The workshop will take place in an online format.
Persistent homology is a central topic in the burgeoning field of topological data analysis. The key idea is to study topological spaces constructed from data and infer global properties of the data from topological invariants, typically homology vector spaces. The term “persistent” refers to the fact that the construction of these spaces usually depends on one or more parameters, and in order to obtain information about the data in a stable and robust way, it is crucial to consider the family of resulting invariants obtained not just in isolation, but together with morphisms obtained from maps between the individual spaces.
While the bulk of work on persistent homology to data has focused on one-parameter constructions, the need for methods that are robust with respect to noise and outliers naturally leads to methods based on multiple parameters.

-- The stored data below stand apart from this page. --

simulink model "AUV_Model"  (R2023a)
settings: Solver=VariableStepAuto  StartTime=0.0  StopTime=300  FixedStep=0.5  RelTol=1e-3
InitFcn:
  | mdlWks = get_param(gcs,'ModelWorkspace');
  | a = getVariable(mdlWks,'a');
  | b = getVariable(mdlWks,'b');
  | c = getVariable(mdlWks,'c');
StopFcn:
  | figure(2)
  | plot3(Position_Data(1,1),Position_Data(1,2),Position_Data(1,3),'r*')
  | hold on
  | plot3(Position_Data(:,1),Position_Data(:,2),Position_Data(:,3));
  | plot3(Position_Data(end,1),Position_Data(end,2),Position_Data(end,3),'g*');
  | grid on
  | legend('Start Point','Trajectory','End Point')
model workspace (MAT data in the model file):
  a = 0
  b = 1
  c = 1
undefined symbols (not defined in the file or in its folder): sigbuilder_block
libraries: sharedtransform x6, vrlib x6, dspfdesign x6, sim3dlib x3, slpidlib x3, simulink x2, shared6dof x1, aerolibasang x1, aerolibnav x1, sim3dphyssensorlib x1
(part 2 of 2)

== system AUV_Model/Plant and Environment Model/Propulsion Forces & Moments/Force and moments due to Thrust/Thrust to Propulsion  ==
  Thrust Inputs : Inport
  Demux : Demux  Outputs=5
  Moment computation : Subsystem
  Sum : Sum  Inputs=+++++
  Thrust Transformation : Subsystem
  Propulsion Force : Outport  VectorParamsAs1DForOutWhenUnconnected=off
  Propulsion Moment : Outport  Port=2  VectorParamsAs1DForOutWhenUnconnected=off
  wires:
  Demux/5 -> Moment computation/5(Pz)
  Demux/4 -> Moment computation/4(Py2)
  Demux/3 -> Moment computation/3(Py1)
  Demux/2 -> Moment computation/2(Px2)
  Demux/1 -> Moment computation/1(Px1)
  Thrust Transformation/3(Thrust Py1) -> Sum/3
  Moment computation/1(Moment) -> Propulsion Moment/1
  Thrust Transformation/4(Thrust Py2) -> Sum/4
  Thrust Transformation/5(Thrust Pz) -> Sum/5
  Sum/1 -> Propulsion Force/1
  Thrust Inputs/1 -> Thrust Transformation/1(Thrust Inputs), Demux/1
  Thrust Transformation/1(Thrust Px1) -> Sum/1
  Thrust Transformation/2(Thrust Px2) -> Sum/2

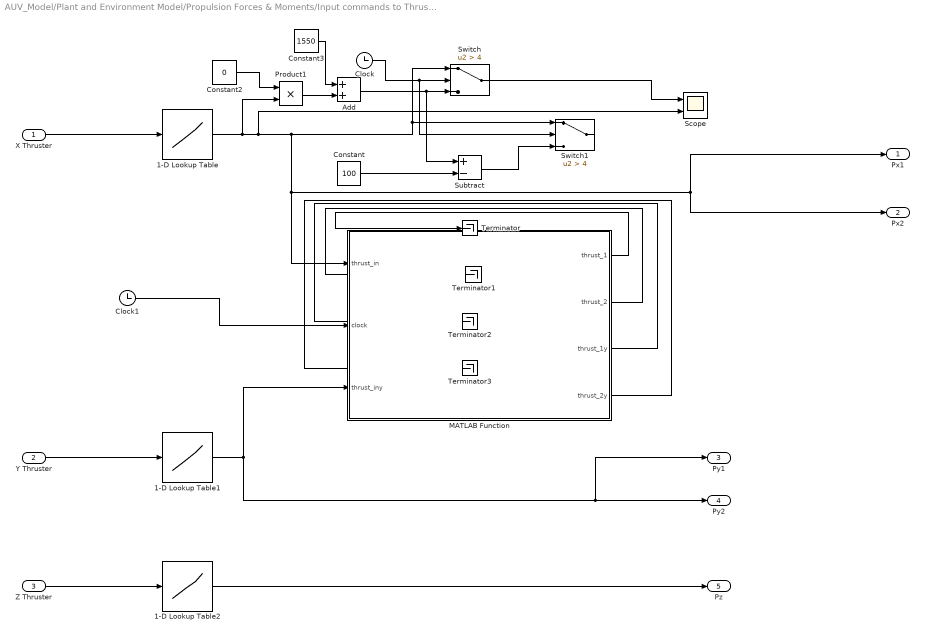
== system AUV_Model/Plant and Environment Model/Propulsion Forces & Moments/Input commands to Thrust/Input Commands to PWM ==
  X Thruster : Inport
  Y Thruster : Inport  Port=2
  Z Thruster : Inport  Port=3
  1-D Lookup Table : Lookup_n-D  NumberOfTableDimensions=1  BreakpointsForDimension1=[-1:0.01:1]  Table=1500 + 400 * ([-1:0.01:1])  InternalRulePriority=Speed  RndMeth=Simplest
  1-D Lookup Table1 : Lookup_n-D  NumberOfTableDimensions=1  BreakpointsForDimension1=[-1:0.01:1]  Table=1500 + 400 * ([-1:0.01:1])  InternalRulePriority=Speed  RndMeth=Simplest
  1-D Lookup Table2 : Lookup_n-D  NumberOfTableDimensions=1  BreakpointsForDimension1=[-1:0.01:1]  Table=1500 + 400 * ([-1:0.01:1])  InternalRulePriority=Speed  RndMeth=Simplest
  Add : Sum
  Clock : Clock
  Clock1 : Clock
  Constant : Constant  Value=100
  Constant2 : Constant  Value=0
  Constant3 : Constant  Value=1550
  MATLAB Function : MATLAB Function  TreatAsAtomicUnit=on
  Product1 : Product
  Scope : Scope  NumInputPorts=2
  Subtract : Sum  Inputs=+-
  Switch : Switch  Criteria=u2 > Threshold  Threshold=4  SaturateOnIntegerOverflow=off  InputSameDT=off
  Switch1 : Switch  Criteria=u2 > Threshold  Threshold=4  SaturateOnIntegerOverflow=off  InputSameDT=off
  Terminator{,1..3} (4 alike) : Terminator
  Px1 : Outport  VectorParamsAs1DForOutWhenUnconnected=off
  Px2 : Outport  Port=2  VectorParamsAs1DForOutWhenUnconnected=off
  Py1 : Outport  Port=3  VectorParamsAs1DForOutWhenUnconnected=off
  Py2 : Outport  Port=4  VectorParamsAs1DForOutWhenUnconnected=off
  Pz : Outport  Port=5  VectorParamsAs1DForOutWhenUnconnected=off
  wires:
  Y Thruster/1 -> 1-D Lookup Table1/1
  Z Thruster/1 -> 1-D Lookup Table2/1
  X Thruster/1 -> 1-D Lookup Table/1
  Constant/1 -> Subtract/2
  Clock/1 -> Switch1/2, Switch/2
  1-D Lookup Table2/1 -> Pz/1
  Constant2/1 -> Product1/1
  Product1/1 -> Add/2
  Constant3/1 -> Add/1
  Add/1 -> Subtract/1, Switch/3
  1-D Lookup Table/1 -> Scope/2, Px2/1, Px1/1, MATLAB Function/1(thrust_in), Switch1/1, Switch/1, Product1/2
  Subtract/1 -> Switch1/3
  Switch/1 -> Scope/1
  1-D Lookup Table1/1 -> MATLAB Function/3(thrust_iny), Py1/1, Py2/1
  Clock1/1 -> MATLAB Function/2(clock)
  MATLAB Function/1(thrust_1) -> Terminator/1
  MATLAB Function/2(thrust_2) -> Terminator1/1
  MATLAB Function/3(thrust_1y) -> Terminator2/1
  MATLAB Function/4(thrust_2y) -> Terminator3/1

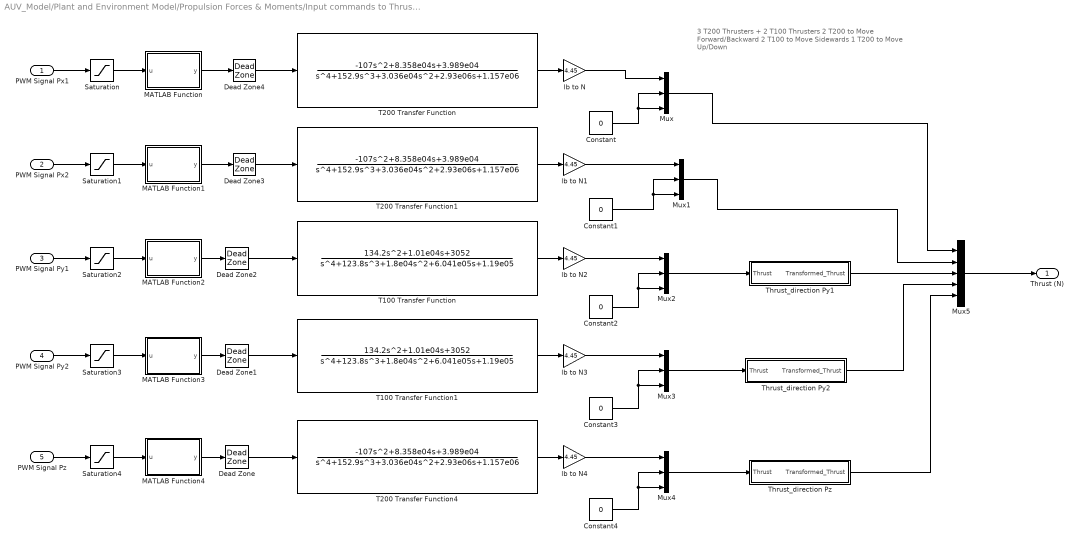
== system AUV_Model/Plant and Environment Model/Propulsion Forces & Moments/Input commands to Thrust/PWM Signals to Thrust  ==
  note: 3 T200 Thrusters + 2 T100 Thrusters
      |
      | 2 T200 to Move Forward/Backward
      | 2 T100 to Move Sidewards
      | 1 T200 to Move Up/Down
  PWM Signal Px1 : Inport
  PWM Signal Px2 : Inport  Port=2
  PWM Signal Py1 : Inport  Port=3
  PWM Signal Py2 : Inport  Port=4
  PWM Signal Pz : Inport  Port=5
  Constant{,1..4} (5 alike) : Constant  Value=0
  Dead Zone{,2..4} (4 alike) : DeadZone  LowerValue=-10  UpperValue=+10
  Dead Zone1 : DeadZone  LowerValue=-10  UpperValue=10
  MATLAB Function : MATLAB Function  TreatAsAtomicUnit=on
  MATLAB Function1 : MATLAB Function  TreatAsAtomicUnit=on
  MATLAB Function2 : MATLAB Function  TreatAsAtomicUnit=on
  MATLAB Function3 : MATLAB Function  TreatAsAtomicUnit=on
  MATLAB Function4 : MATLAB Function  TreatAsAtomicUnit=on
  Mux{,1..4} (5 alike) : Mux  Inputs=3
  Mux5 : Mux  Inputs=5
  Saturation{,1..4} (5 alike) : Saturate  UpperLimit=1900  LowerLimit=1100
  T100 Transfer Function : TransferFcn  Numerator="[134.2 1.01e04  3052]"  Denominator=[1 123.8 1.8e04 6.041e05 1.19e05]
  T100 Transfer Function1 : TransferFcn  Numerator="[134.2 1.01e04  3052]"  Denominator=[1 123.8 1.8e04 6.041e05 1.19e05]
  T200 Transfer Function : TransferFcn  Numerator="[-107  8.358e04  3.989e04]"  Denominator="[1 152.9  3.036e04  2.93e06  1.157e06]"
  T200 Transfer Function1 : TransferFcn  Numerator="[-107  8.358e04  3.989e04]"  Denominator="[1 152.9  3.036e04  2.93e06  1.157e06]"
  T200 Transfer Function4 : TransferFcn  Numerator="[-107  8.358e04  3.989e04]"  Denominator="[1 152.9  3.036e04  2.93e06  1.157e06]"
  Thrust_direction Py1 : Subsystem
  Thrust_direction Py2 : Subsystem
  Thrust_direction Pz : Subsystem
  lb to N{,1..4} (5 alike) : Gain  Gain=4.45
  Thrust (N) : Outport  VectorParamsAs1DForOutWhenUnconnected=off
  wires:
  Dead Zone4/1 -> T200 Transfer Function/1
  Dead Zone3/1 -> T200 Transfer Function1/1
  Dead Zone2/1 -> T100 Transfer Function/1
  Dead Zone1/1 -> T100 Transfer Function1/1
  Dead Zone/1 -> T200 Transfer Function4/1
  MATLAB Function4/1(y) -> Dead Zone/1
  MATLAB Function3/1(y) -> Dead Zone1/1
  MATLAB Function2/1(y) -> Dead Zone2/1
  MATLAB Function1/1(y) -> Dead Zone3/1
  Saturation3/1 -> MATLAB Function3/1(u)
  PWM Signal Py2/1 -> Saturation3/1
  Saturation4/1 -> MATLAB Function4/1(u)
  Saturation2/1 -> MATLAB Function2/1(u)
  Saturation1/1 -> MATLAB Function1/1(u)
  Saturation/1 -> MATLAB Function/1(u)
  MATLAB Function/1(y) -> Dead Zone4/1
  T100 Transfer Function1/1 -> lb to N3/1
  lb to N2/1 -> Mux2/1
  Mux4/1 -> Thrust_direction Pz/1(Thrust)
  Mux5/1 -> Thrust (N)/1
  Thrust_direction Pz/1("Transformed_Thrust ") -> Mux5/5
  lb to N/1 -> Mux/1
  Constant1/1 -> Mux1/2, Mux1/3
  T200 Transfer Function1/1 -> lb to N1/1
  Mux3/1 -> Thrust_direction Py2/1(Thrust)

Although there has been considerable recent progress in the theoretical and computational aspects of multi-parameter persistent homology, applications are still in their infancy.
Metrics on invariants of data play a central role in both theory and applications of one parameter persistent homology, and it is expected that such metrics should play a similarly important role in the multi-parameter setting. However, the invariants of data provided by this setting are much more complex, and this presents obstacles to naively extending the definitions from the one-parameter case. This raises the question of which metrics are most suitable for practical use.
This workshop will bring together specialists and junior researchers in applied algebraic topology to study the problem of metrizing the space of multi-parameter persistence modules. In particular, the workshop will address the problem of developing computationally tractable metrics suitable for use in applications. The focus will be on both the theoretical foundations and practical computational aspects of such metrics. Considerable time will be devoted to discussion sessions and hands-on work with software implementations and data.
This is the rescheduled workshop of 2020.